**TASK REQUIREMENTS**
Word-for-word reproduction, images excluded: copy every entry below.

**INPUT**
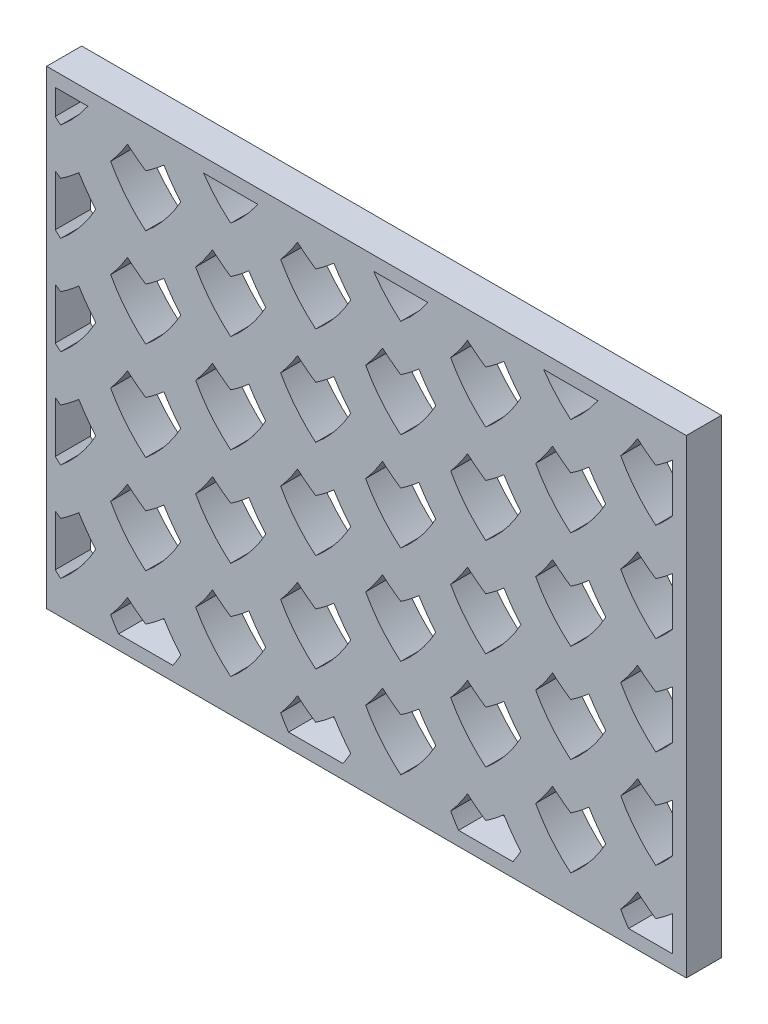
from build123d import *

# Parameters (mm, degrees)
SKETCH3_W           = 88
SKETCH3_H           = 63
BOSS_EXTRUDE2_DEPTH = 5
CUT_EXTRUDE1_DEPTH  = 70.169565835
SKETCH4_W           = 91.228796668
SKETCH4_H           = 67
SKETCH4_W_2         = 88
SKETCH4_H_2         = 63
BOSS_EXTRUDE3_DEPTH = 5


with BuildPart() as part:
    # Sketch3 → Boss-Extrude2 (new body)
    with BuildSketch(Plane.XY):
        with Locations((-6.36239225, 15.649319027)):
            Rectangle(SKETCH3_W, SKETCH3_H)
    extrude(amount=BOSS_EXTRUDE2_DEPTH)

    # Sketch1 → Cut-Extrude1 (cut, through all)
    with BuildSketch(Plane.XY):
        with BuildLine():
            ThreePointArc((-49.591188918, -69.117920678), (-52.373582004, -66.304029643), (-54.591247647, -63.026583512))
            ThreePointArc((-54.591247647, -63.026583512), (-53.31892615, -61.410320298), (-52.185319607, -59.693915634))
            ThreePointArc((-52.185319607, -59.693915634), (-50.921473659, -60.738490347), (-49.591188918, -61.697023298))
            ThreePointArc((-49.591188918, -61.697023298), (-48.260904177, -60.738490347), (-46.997058229, -59.693915634))
            ThreePointArc((-46.997058229, -59.693915634), (-45.863451685, -61.410320298), (-44.591130189, -63.026583512))
            ThreePointArc((-44.591130189, -63.026583512), (-46.808795832, -66.304029643), (-49.591188918, -69.117920678))
        make_face()
        with BuildLine():
            ThreePointArc((-37.466833265, -62.117920678), (-40.249226351, -59.304029643), (-42.466891994, -56.026583512))
            ThreePointArc((-42.466891994, -56.026583512), (-41.194570497, -54.410320298), (-40.060963954, -52.693915634))
            ThreePointArc((-40.060963954, -52.693915634), (-38.797118006, -53.738490347), (-37.466833265, -54.697023298))
            ThreePointArc((-37.466833265, -54.697023298), (-36.136548524, -53.738490347), (-34.872702576, -52.693915634))
            ThreePointArc((-34.872702576, -52.693915634), (-33.739096033, -54.410320298), (-32.466774536, -56.026583512))
            ThreePointArc((-32.466774536, -56.026583512), (-34.684440179, -59.304029643), (-37.466833265, -62.117920678))
        make_face()
        with BuildLine():
            ThreePointArc((-25.342477612, -55.117920678), (-28.124870698, -52.304029643), (-30.342536341, -49.026583512))
            ThreePointArc((-30.342536341, -49.026583512), (-29.070214844, -47.410320298), (-27.936608301, -45.693915634))
            ThreePointArc((-27.936608301, -45.693915634), (-26.672762353, -46.738490347), (-25.342477612, -47.697023298))
            ThreePointArc((-25.342477612, -47.697023298), (-24.012192871, -46.738490347), (-22.748346923, -45.693915634))
            ThreePointArc((-22.748346923, -45.693915634), (-21.61474038, -47.410320298), (-20.342418883, -49.026583512))
            ThreePointArc((-20.342418883, -49.026583512), (-22.560084526, -52.304029643), (-25.342477612, -55.117920678))
        make_face()
        with BuildLine():
            ThreePointArc((-13.218121959, -48.117920678), (-16.000515045, -45.304029643), (-18.218180688, -42.026583512))
            ThreePointArc((-18.218180688, -42.026583512), (-16.945859191, -40.410320298), (-15.812252648, -38.693915634))
            ThreePointArc((-15.812252648, -38.693915634), (-14.5484067, -39.738490347), (-13.218121959, -40.697023298))
            ThreePointArc((-13.218121959, -40.697023298), (-11.887837218, -39.738490347), (-10.62399127, -38.693915634))
            ThreePointArc((-10.62399127, -38.693915634), (-9.490384727, -40.410320298), (-8.21806323, -42.026583512))
            ThreePointArc((-8.21806323, -42.026583512), (-10.435728873, -45.304029643), (-13.218121959, -48.117920678))
        make_face()
        with BuildLine():
            ThreePointArc((-1.093766306, -41.117920678), (-3.876159392, -38.304029643), (-6.093825035, -35.026583512))
            ThreePointArc((-6.093825035, -35.026583512), (-4.821503538, -33.410320298), (-3.687896995, -31.693915634))
            ThreePointArc((-3.687896995, -31.693915634), (-2.424051047, -32.738490347), (-1.093766306, -33.697023298))
            ThreePointArc((-1.093766306, -33.697023298), (0.236518435, -32.738490347), (1.500364383, -31.693915634))
            ThreePointArc((1.500364383, -31.693915634), (2.633970926, -33.410320298), (3.906292423, -35.026583512))
            ThreePointArc((3.906292423, -35.026583512), (1.68862678, -38.304029643), (-1.093766306, -41.117920678))
        make_face()
        with BuildLine():
            ThreePointArc((11.030589347, -34.117920678), (8.248196261, -31.304029643), (6.030530618, -28.026583512))
            ThreePointArc((6.030530618, -28.026583512), (7.302852115, -26.410320298), (8.436458658, -24.693915634))
            ThreePointArc((8.436458658, -24.693915634), (9.700304606, -25.738490347), (11.030589347, -26.697023298))
            ThreePointArc((11.030589347, -26.697023298), (12.360874088, -25.738490347), (13.624720036, -24.693915634))
            ThreePointArc((13.624720036, -24.693915634), (14.758326579, -26.410320298), (16.030648076, -28.026583512))
            ThreePointArc((16.030648076, -28.026583512), (13.812982433, -31.304029643), (11.030589347, -34.117920678))
        make_face()
        with BuildLine():
            ThreePointArc((23.154945, -27.117920678), (20.372551914, -24.304029643), (18.154886271, -21.026583512))
            ThreePointArc((18.154886271, -21.026583512), (19.427207768, -19.410320298), (20.560814311, -17.693915634))
            ThreePointArc((20.560814311, -17.693915634), (21.824660259, -18.738490347), (23.154945, -19.697023298))
            ThreePointArc((23.154945, -19.697023298), (24.485229741, -18.738490347), (25.749075689, -17.693915634))
            ThreePointArc((25.749075689, -17.693915634), (26.882682232, -19.410320298), (28.155003729, -21.026583512))
            ThreePointArc((28.155003729, -21.026583512), (25.937338086, -24.304029643), (23.154945, -27.117920678))
        make_face()
        with BuildLine():
            ThreePointArc((35.279300653, -20.117920678), (32.496907567, -17.304029643), (30.279241924, -14.026583512))
            ThreePointArc((30.279241924, -14.026583512), (31.551563421, -12.410320298), (32.685169964, -10.693915634))
            ThreePointArc((32.685169964, -10.693915634), (33.949015912, -11.738490347), (35.279300653, -12.697023298))
            ThreePointArc((35.279300653, -12.697023298), (36.609585394, -11.738490347), (37.873431342, -10.693915634))
            ThreePointArc((37.873431342, -10.693915634), (39.007037885, -12.410320298), (40.279359382, -14.026583512))
            ThreePointArc((40.279359382, -14.026583512), (38.061693739, -17.304029643), (35.279300653, -20.117920678))
        make_face()
        with BuildLine():
            ThreePointArc((47.403656306, -13.117920678), (44.62126322, -10.304029643), (42.403597577, -7.026583512))
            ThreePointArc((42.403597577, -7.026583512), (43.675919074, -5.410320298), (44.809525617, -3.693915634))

**ANSWER TO THIS PROBLEM**
from build123d import *

# Parameters (mm, degrees)
SKETCH3_W           = 88
SKETCH3_H           = 63
BOSS_EXTRUDE2_DEPTH = 5
CUT_EXTRUDE1_DEPTH  = 70.169565835
SKETCH4_W           = 91.228796668
SKETCH4_H           = 67
SKETCH4_W_2         = 88
SKETCH4_H_2         = 63
BOSS_EXTRUDE3_DEPTH = 5


with BuildPart() as part:
    # Sketch3 → Boss-Extrude2 (new body)
    with BuildSketch(Plane.XY):
        with Locations((-6.36239225, 15.649319027)):
            Rectangle(SKETCH3_W, SKETCH3_H)
    extrude(amount=BOSS_EXTRUDE2_DEPTH)

    # Sketch1 → Cut-Extrude1 (cut, through all)
    with BuildSketch(Plane.XY):
        with BuildLine():
            ThreePointArc((-49.591188918, -69.117920678), (-52.373582004, -66.304029643), (-54.591247647, -63.026583512))
            ThreePointArc((-54.591247647, -63.026583512), (-53.31892615, -61.410320298), (-52.185319607, -59.693915634))
            ThreePointArc((-52.185319607, -59.693915634), (-50.921473659, -60.738490347), (-49.591188918, -61.697023298))
            ThreePointArc((-49.591188918, -61.697023298), (-48.260904177, -60.738490347), (-46.997058229, -59.693915634))
            ThreePointArc((-46.997058229, -59.693915634), (-45.863451685, -61.410320298), (-44.591130189, -63.026583512))
            ThreePointArc((-44.591130189, -63.026583512), (-46.808795832, -66.304029643), (-49.591188918, -69.117920678))
        make_face()
        with BuildLine():
            ThreePointArc((-37.466833265, -62.117920678), (-40.249226351, -59.304029643), (-42.466891994, -56.026583512))
            ThreePointArc((-42.466891994, -56.026583512), (-41.194570497, -54.410320298), (-40.060963954, -52.693915634))
            ThreePointArc((-40.060963954, -52.693915634), (-38.797118006, -53.738490347), (-37.466833265, -54.697023298))
            ThreePointArc((-37.466833265, -54.697023298), (-36.136548524, -53.738490347), (-34.872702576, -52.693915634))
            ThreePointArc((-34.872702576, -52.693915634), (-33.739096033, -54.410320298), (-32.466774536, -56.026583512))
            ThreePointArc((-32.466774536, -56.026583512), (-34.684440179, -59.304029643), (-37.466833265, -62.117920678))
        make_face()
        with BuildLine():
            ThreePointArc((-25.342477612, -55.117920678), (-28.124870698, -52.304029643), (-30.342536341, -49.026583512))
            ThreePointArc((-30.342536341, -49.026583512), (-29.070214844, -47.410320298), (-27.936608301, -45.693915634))
            ThreePointArc((-27.936608301, -45.693915634), (-26.672762353, -46.738490347), (-25.342477612, -47.697023298))
            ThreePointArc((-25.342477612, -47.697023298), (-24.012192871, -46.738490347), (-22.748346923, -45.693915634))
            ThreePointArc((-22.748346923, -45.693915634), (-21.61474038, -47.410320298), (-20.342418883, -49.026583512))
            ThreePointArc((-20.342418883, -49.026583512), (-22.560084526, -52.304029643), (-25.342477612, -55.117920678))
        make_face()
        with BuildLine():
            ThreePointArc((-13.218121959, -48.117920678), (-16.000515045, -45.304029643), (-18.218180688, -42.026583512))
            ThreePointArc((-18.218180688, -42.026583512), (-16.945859191, -40.410320298), (-15.812252648, -38.693915634))
            ThreePointArc((-15.812252648, -38.693915634), (-14.5484067, -39.738490347), (-13.218121959, -40.697023298))
            ThreePointArc((-13.218121959, -40.697023298), (-11.887837218, -39.738490347), (-10.62399127, -38.693915634))
            ThreePointArc((-10.62399127, -38.693915634), (-9.490384727, -40.410320298), (-8.21806323, -42.026583512))
            ThreePointArc((-8.21806323, -42.026583512), (-10.435728873, -45.304029643), (-13.218121959, -48.117920678))
        make_face()
        with BuildLine():
            ThreePointArc((-1.093766306, -41.117920678), (-3.876159392, -38.304029643), (-6.093825035, -35.026583512))
            ThreePointArc((-6.093825035, -35.026583512), (-4.821503538, -33.410320298), (-3.687896995, -31.693915634))
            ThreePointArc((-3.687896995, -31.693915634), (-2.424051047, -32.738490347), (-1.093766306, -33.697023298))
            ThreePointArc((-1.093766306, -33.697023298), (0.236518435, -32.738490347), (1.500364383, -31.693915634))
            ThreePointArc((1.500364383, -31.693915634), (2.633970926, -33.410320298), (3.906292423, -35.026583512))
            ThreePointArc((3.906292423, -35.026583512), (1.68862678, -38.304029643), (-1.093766306, -41.117920678))
        make_face()
        with BuildLine():
            ThreePointArc((11.030589347, -34.117920678), (8.248196261, -31.304029643), (6.030530618, -28.026583512))
            ThreePointArc((6.030530618, -28.026583512), (7.302852115, -26.410320298), (8.436458658, -24.693915634))
            ThreePointArc((8.436458658, -24.693915634), (9.700304606, -25.738490347), (11.030589347, -26.697023298))
            ThreePointArc((11.030589347, -26.697023298), (12.360874088, -25.738490347), (13.624720036, -24.693915634))
            ThreePointArc((13.624720036, -24.693915634), (14.758326579, -26.410320298), (16.030648076, -28.026583512))
            ThreePointArc((16.030648076, -28.026583512), (13.812982433, -31.304029643), (11.030589347, -34.117920678))
        make_face()
        with BuildLine():
            ThreePointArc((23.154945, -27.117920678), (20.372551914, -24.304029643), (18.154886271, -21.026583512))
            ThreePointArc((18.154886271, -21.026583512), (19.427207768, -19.410320298), (20.560814311, -17.693915634))
            ThreePointArc((20.560814311, -17.693915634), (21.824660259, -18.738490347), (23.154945, -19.697023298))
            ThreePointArc((23.154945, -19.697023298), (24.485229741, -18.738490347), (25.749075689, -17.693915634))
            ThreePointArc((25.749075689, -17.693915634), (26.882682232, -19.410320298), (28.155003729, -21.026583512))
            ThreePointArc((28.155003729, -21.026583512), (25.937338086, -24.304029643), (23.154945, -27.117920678))
        make_face()
        with BuildLine():
            ThreePointArc((35.279300653, -20.117920678), (32.496907567, -17.304029643), (30.279241924, -14.026583512))
            ThreePointArc((30.279241924, -14.026583512), (31.551563421, -12.410320298), (32.685169964, -10.693915634))
            ThreePointArc((32.685169964, -10.693915634), (33.949015912, -11.738490347), (35.279300653, -12.697023298))
            ThreePointArc((35.279300653, -12.697023298), (36.609585394, -11.738490347), (37.873431342, -10.693915634))
            ThreePointArc((37.873431342, -10.693915634), (39.007037885, -12.410320298), (40.279359382, -14.026583512))
            ThreePointArc((40.279359382, -14.026583512), (38.061693739, -17.304029643), (35.279300653, -20.117920678))
        make_face()
        with BuildLine():
            ThreePointArc((47.403656306, -13.117920678), (44.62126322, -10.304029643), (42.403597577, -7.026583512))
            ThreePointArc((42.403597577, -7.026583512), (43.675919074, -5.410320298), (44.809525617, -3.693915634))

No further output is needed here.